Definition
The pilot's continuous task of keeping the airplane flying within safe limits of attitude, airspeed, altitude, and flightpath, particularly when faced with an emergency, abnormal condition, or unexpected upset. It is the first priority in the established hierarchy of aviate, navigate, communicate.
Plain English
Keeping the airplane flying the way you want it to fly. Whatever else is happening, your first job is to keep the wings, nose, and speed where they need to be so the airplane stays under your command.
Context Anchor
Seen in discussions of loss of control, emergency handling, upset recovery, stalls, spins, and any situation where the pilot’s first job is to keep the airplane under control.
Why Pilots Care
Loss of control remains a leading cause of fatal accidents; every other task is secondary until control is assured.
Grounding Statement
In any difficult situation, the first priority is simple: keep the airplane flying under control before solving anything else.
Intuition Check
Do not read “control” as merely holding the yoke or moving the controls.
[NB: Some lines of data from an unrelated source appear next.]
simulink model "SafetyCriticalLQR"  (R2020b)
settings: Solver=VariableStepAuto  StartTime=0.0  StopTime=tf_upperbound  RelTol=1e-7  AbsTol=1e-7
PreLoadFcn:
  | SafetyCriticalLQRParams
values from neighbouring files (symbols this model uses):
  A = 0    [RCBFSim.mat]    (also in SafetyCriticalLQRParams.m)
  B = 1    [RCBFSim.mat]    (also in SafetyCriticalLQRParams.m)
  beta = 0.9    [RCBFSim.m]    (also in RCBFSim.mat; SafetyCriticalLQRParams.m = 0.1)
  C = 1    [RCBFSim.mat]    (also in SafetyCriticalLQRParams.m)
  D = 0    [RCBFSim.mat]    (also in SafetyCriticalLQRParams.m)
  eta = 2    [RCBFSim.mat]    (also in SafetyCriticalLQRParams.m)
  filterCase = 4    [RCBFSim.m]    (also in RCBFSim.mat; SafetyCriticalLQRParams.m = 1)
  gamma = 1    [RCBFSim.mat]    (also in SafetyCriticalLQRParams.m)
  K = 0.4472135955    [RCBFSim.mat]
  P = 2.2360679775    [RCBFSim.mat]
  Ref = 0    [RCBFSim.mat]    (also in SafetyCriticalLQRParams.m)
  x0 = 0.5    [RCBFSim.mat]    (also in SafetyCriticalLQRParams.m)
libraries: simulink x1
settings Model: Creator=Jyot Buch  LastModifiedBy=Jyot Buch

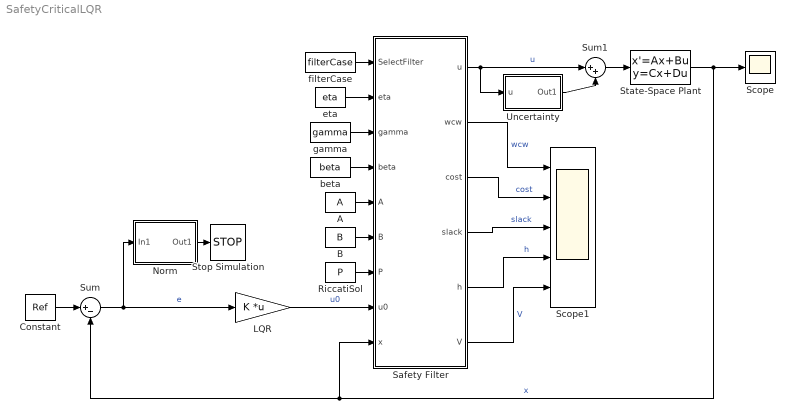
== system SafetyCriticalLQR ==
  A : Constant  Value=A
  B : Constant  Value=B
  Constant : Constant  Value=Ref
  LQR : Gain  Gain=K  Multiplication=Matrix(K*u) (u vector)
  Norm : Subsystem
  RiccatiSol : Constant  Value=P
  Safety Filter : MATLAB Function  TreatAsAtomicUnit=on
  Scope : Scope
  Scope1 : Scope  NumInputPorts=5
  State-Space Plant : StateSpace  A=A  B=B  C=C  D=D  InitialCondition=x0
  Stop Simulation : Stop
  Sum : Sum  Inputs=|+-
  Sum1 : Sum  Inputs=|++
  Uncertainty : Subsystem
  beta : Constant  Value=beta
  eta : Constant  Value=eta
  filterCase : Constant  Value=filterCase
  gamma : Constant  Value=gamma
  wires:
  State-Space Plant/1 -> Safety Filter/9(x), Sum/2, Scope/1  "x"
  Constant/1 -> Sum/1
  Sum/1 -> LQR/1, Norm/1(In1)  "e"
  LQR/1 -> Safety Filter/8(u0)  "u0"
  Safety Filter/1(u) -> Sum1/1, Uncertainty/1(u)  "u"
  filterCase/1 -> Safety Filter/1(SelectFilter)
  RiccatiSol/1 -> Safety Filter/7(P)
  Safety Filter/5(h) -> Scope1/4  "h"
  Safety Filter/6(V) -> Scope1/5  "V"
  Norm/1(Out1) -> Stop Simulation/1
  eta/1 -> Safety Filter/2(eta)
  gamma/1 -> Safety Filter/3(gamma)
  Safety Filter/4(slack) -> Scope1/3  "slack"
  A/1 -> Safety Filter/5(A)
  B/1 -> Safety Filter/6(B)
  beta/1 -> Safety Filter/4(beta)
  Safety Filter/2(wcw) -> Scope1/1  "wcw"
  Safety Filter/3(cost) -> Scope1/2  "cost"
  Sum1/1 -> State-Space Plant/1
  Uncertainty/1(Out1) -> Sum1/2

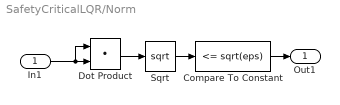
== system SafetyCriticalLQR/Norm ==
  In1 : Inport
  Compare To Constant : simulink/Logic and Bit Operations/Compare To Constant  relop=<=  const=sqrt(eps)  OutDataTypeStr=boolean
  Dot Product : DotProduct  InputSameDT=on  OutDataTypeStr=Inherit: Inherit via internal rule
  Sqrt : Sqrt  SaturateOnIntegerOverflow=on
  Out1 : Outport
  wires:
  In1/1 -> Dot Product/1, Dot Product/2
  Dot Product/1 -> Sqrt/1
  Sqrt/1 -> Compare To Constant/1
  Compare To Constant/1 -> Out1/1

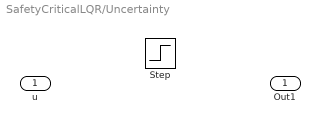
== system SafetyCriticalLQR/Uncertainty ==
  u : Inport
  Step : Step  SampleTime=0
  Out1 : Outport

== matlab function SafetyCriticalLQR/Safety Filter ==
  data: u output; wcw output; cost output; SelectFilter input; eta input; gamma input; beta input; A input; B input; P input; u0 input; slack output; x input; h output; V output
function [u,wcw,cost,slack,h,V] = fcn(SelectFilter,eta,gamma,beta,A,B,P,u0,x)
%% FCN
% Compute h and V
p = -1;
h = -x + 1;
V = x'*P*x;
slack = 0;
cost = 0;

% Select filter based on the specified case
switch SelectFilter
    case 1
        % Nominal LQR
        u = u0;
        wcw = 0;
        
    case 2
        % CBF Only
        [u,cost] = CBFQP(eta,h,u0,x);
        wcw = 0;
        
    case 3
        % CLF-CBF
        [u,cost,slack] = CLFCBFQP(eta,gamma,h,V,A,B,P,u0,x);
        wcw = 0;
        
    case 4
        % Robust CBF with LinProgTick
        [u,cost] = RobustCBFQPLinProgTick(eta,beta,h,u0,x);        
        wcw = -beta*sign(p)*abs(u);
        
    otherwise
        % Openloop
        u = u0*0;
        wcw = 0;
end
end

%% CBFQP
function [u,cost] = CBFQP(eta,h,u0,x)
% Inequality Safety Constraints for QP
% Aineq'*u <= bineq
Aineq = -1;
bineq = x + eta*h;

% Solve QP
SolveQPCase = 1;
switch SolveQPCase
    case 1
        % Numerical Solution
        H = 1;
        f = -u0;
        opt = optimoptions('quadprog','Algorithm','active-set','Display','off');
        [u,cost] = quadprog(H,f,Aineq,bineq,[],[],[],[],u0,opt);
        cost = cost + 0.5*(u0'*u0);
        
    case 2
        % Explicit Solution
        rho = -bineq+Aineq*u0;
        if rho<=0
            zopt = 0;
        else
            zopt = -rho*Aineq/Aineq^2;
        end
        u = zopt+u0;
        cost = 0.5*(zopt'*zopt);
end
end

%% CLFCBFQP
function [u,cost,slack] = CLFCBFQP(eta,gamma,h,V,A,B,P,u0,x)
% Slack variable penalty
m = 1;

% Inequality Constraints for QP
% Safety: hdot >= -alpha*h
Aineq1 = [-1 0];
bineq1 = x + eta*h;

% Stability: Vdot <= -beta*V
Aineq2 = [2*x'*P*B -1];
bineq2 = -x'*(A'*P + P*A)*x - gamma*V;

% Aineq'*[u;delta] <= bineq
Aineq = [Aineq1; Aineq2];
bineq = [bineq1; bineq2];

% Solve QP
H = diag([1, m]);
opt = optimoptions('quadprog','Algorithm','active-set','Display','off');
[sol,cost] = quadprog(H,[],Aineq,bineq,[],[],[],[],[u0;0],opt);

% Read outputs
u = sol(1);
slack = sol(2);
end

%% RobustCBFQPLinProgTick
function [u,cost] = RobustCBFQPLinProgTick(eta,beta,h,u0,x)
% Inequality Constraints for QP
% Aineq'*u <= bineq
p = -1;

% Solve QP
if (-x-u0+beta*sign(p)*abs(u0)) >= -eta*h
    % Choose nominal control
    u = u0;
    cost = 0.5*(u0'*u0);
else
    Aineq = [-2*p*(1 - sign(p)*beta) +2*p*(sign(p)*beta + 1); -1 0;0 -1];
    bineq = [x + eta*h; 0; 0];
    H = [1 -1;-1 1];
    f = [-u0 +u0];
    opt = optimoptions('quadprog','Algorithm','active-set','Display','off');
    [uStar,cost] = quadprog(H,f,Aineq,bineq,[],[],[],[],[u0;u0]*0,opt);
    cost = cost + 0.5*(u0'*u0);
    
    % up and un
    up = uStar(1);
    un = uStar(2);
    
    % Output
    u = up - un;
end
end

In this context, control means the airplane is actually responding safely and predictably in pitch, bank, yaw, speed, and direction.
Example Sentence 1
When the engine began running rough, the pilot's first action was maintaining airplane control by establishing best glide speed before troubleshooting the cause.
Example Sentence 2
In moderate turbulence the pilot stayed focused on maintaining airplane control rather than chasing altitude.